Ooopss, I pushed reply too quickly. Here's some others…my Bestest horse, Monster. He was bomb proof, and great for anyone on his back.


Here is my baby girl, Ava, enjoying blackberries, she misses the thorns


this is my view to the south. …


Here is another view. Maybe north, I don't remember.


----------



## Patty P (Feb 21, 2017)

By NY suburban sprawl standards, that looks like a farm or ranch! What beautiful animals!!! 
I will be visiting Astoria and Portland OR for the first time this June!


----------



## Oxalis (Feb 21, 2017)

Cowboy_Ken said:


> I kinda cleaned up my quote of yours to offer a better, more likely explanation of why your little buddy doesn't "seem" to care for soaking time. Although it's in their best interests, and for their best health, they can be VERY stubborn in their ways.
> All that exercise they get while trying to get out, is just plain good for them.
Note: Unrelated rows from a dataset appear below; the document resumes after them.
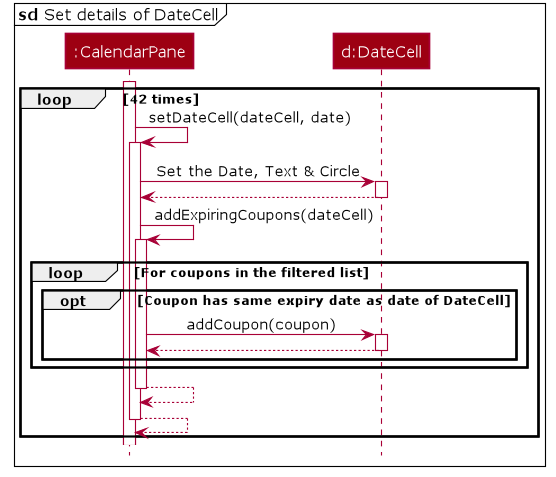

The diagram above was rendered by PlantUML. Its source (embedded in the PNG):
@startuml








skinparam BackgroundColor #FFFFFFF

skinparam Shadowing false

skinparam Class {
    FontColor #FFFFFF
    BorderThickness 1
    BorderColor #FFFFFF
    StereotypeFontColor #FFFFFF
    FontName Verdana
}

skinparam Actor {
    BorderColor #000000
    Color #000000
    FontName Verdana
}

skinparam Sequence {
    MessageAlign center
    BoxFontSize 15
    BoxPadding 0
    BoxFontColor #FFFFFF
    FontName Verdana
}

skinparam Participant {
    FontColor #FFFFFFF
    Padding 20
}

skinparam NoteBackgroundColor ghostwhite
skinparam NoteBorderColor #3333C4
skinparam DefaultFontName Verdana


skinparam MinClassWidth 50
skinparam ParticipantPadding 10
skinparam Shadowing false
skinparam DefaultTextAlignment center
skinparam packageStyle Rectangle

hide footbox
hide members
hide circle

mainframe <b>sd</b> Set details of DateCell
participant ":CalendarPane" as CalendarPane #9D0012
participant "d:DateCell" as DateCell #9D0012

activate CalendarPane

loop 42 times

    CalendarPane -> CalendarPane: setDateCell(dateCell, date)
    activate CalendarPane

    CalendarPane -> DateCell: Set the Date, Text & Circle
    activate DateCell

    DateCell --> CalendarPane
    deactivate DateCell

    CalendarPane -> CalendarPane: addExpiringCoupons(dateCell)
    activate CalendarPane

    loop For coupons in the filtered list

        opt Coupon has same expiry date as date of DateCell
            CalendarPane -> DateCell: addCoupon(coupon)
            activate DateCell

            DateCell --> CalendarPane
            deactivate DateCell
        end

    end
    deactivate DateCell

    CalendarPane --> CalendarPane
    deactivate CalendarPane

    CalendarPane --> CalendarPane
    deactivate CalendarPane
end

@enduml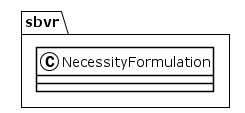

The diagram above was rendered by PlantUML. Its source (embedded in the PNG):
@startuml
!theme plain
package sbvr {
class NecessityFormulation {
}
}
@enduml

It helps keep the internals working and often times provides a much needed workout. And it gives us keepers the added bonus of getting to examine their, "crap" for any obvious internal parasites that might pass unnoticed otherwise. Yay us, right?
> Trust me here. With regularity comes expectation and trust from your tortoise that it's not as bad as it may have first figured, and it will settle down with the regular soakings.
> You might try following the bath/soak with a favorite treat to provide some positive reinforcement to the whole routine. Just make sure it's a HEALTHY treat for your tortoise.
> ...


That's a great point you make about him getting exercise, especially since Russians will apparently walk miles a day in the wild. I always worry that he's not walking enough in captivity, but I can only make his enclosure so big! The only thing I was really worried about with him thrashing around in the tub was that he was getting too stressed out. I assume reptiles can get stressed like many other animals, but I don't know how that would specifically affect a Russian. I have tried to give him a treat after a bath but it's never really seemed to work. I can keep it up though.  Three to six months is a long time to experiment, so I can see how the results are more likely to be positive. On the plus side, he does love to drag dirt into his water dish and poop in there. He must love having a personal maid!


----------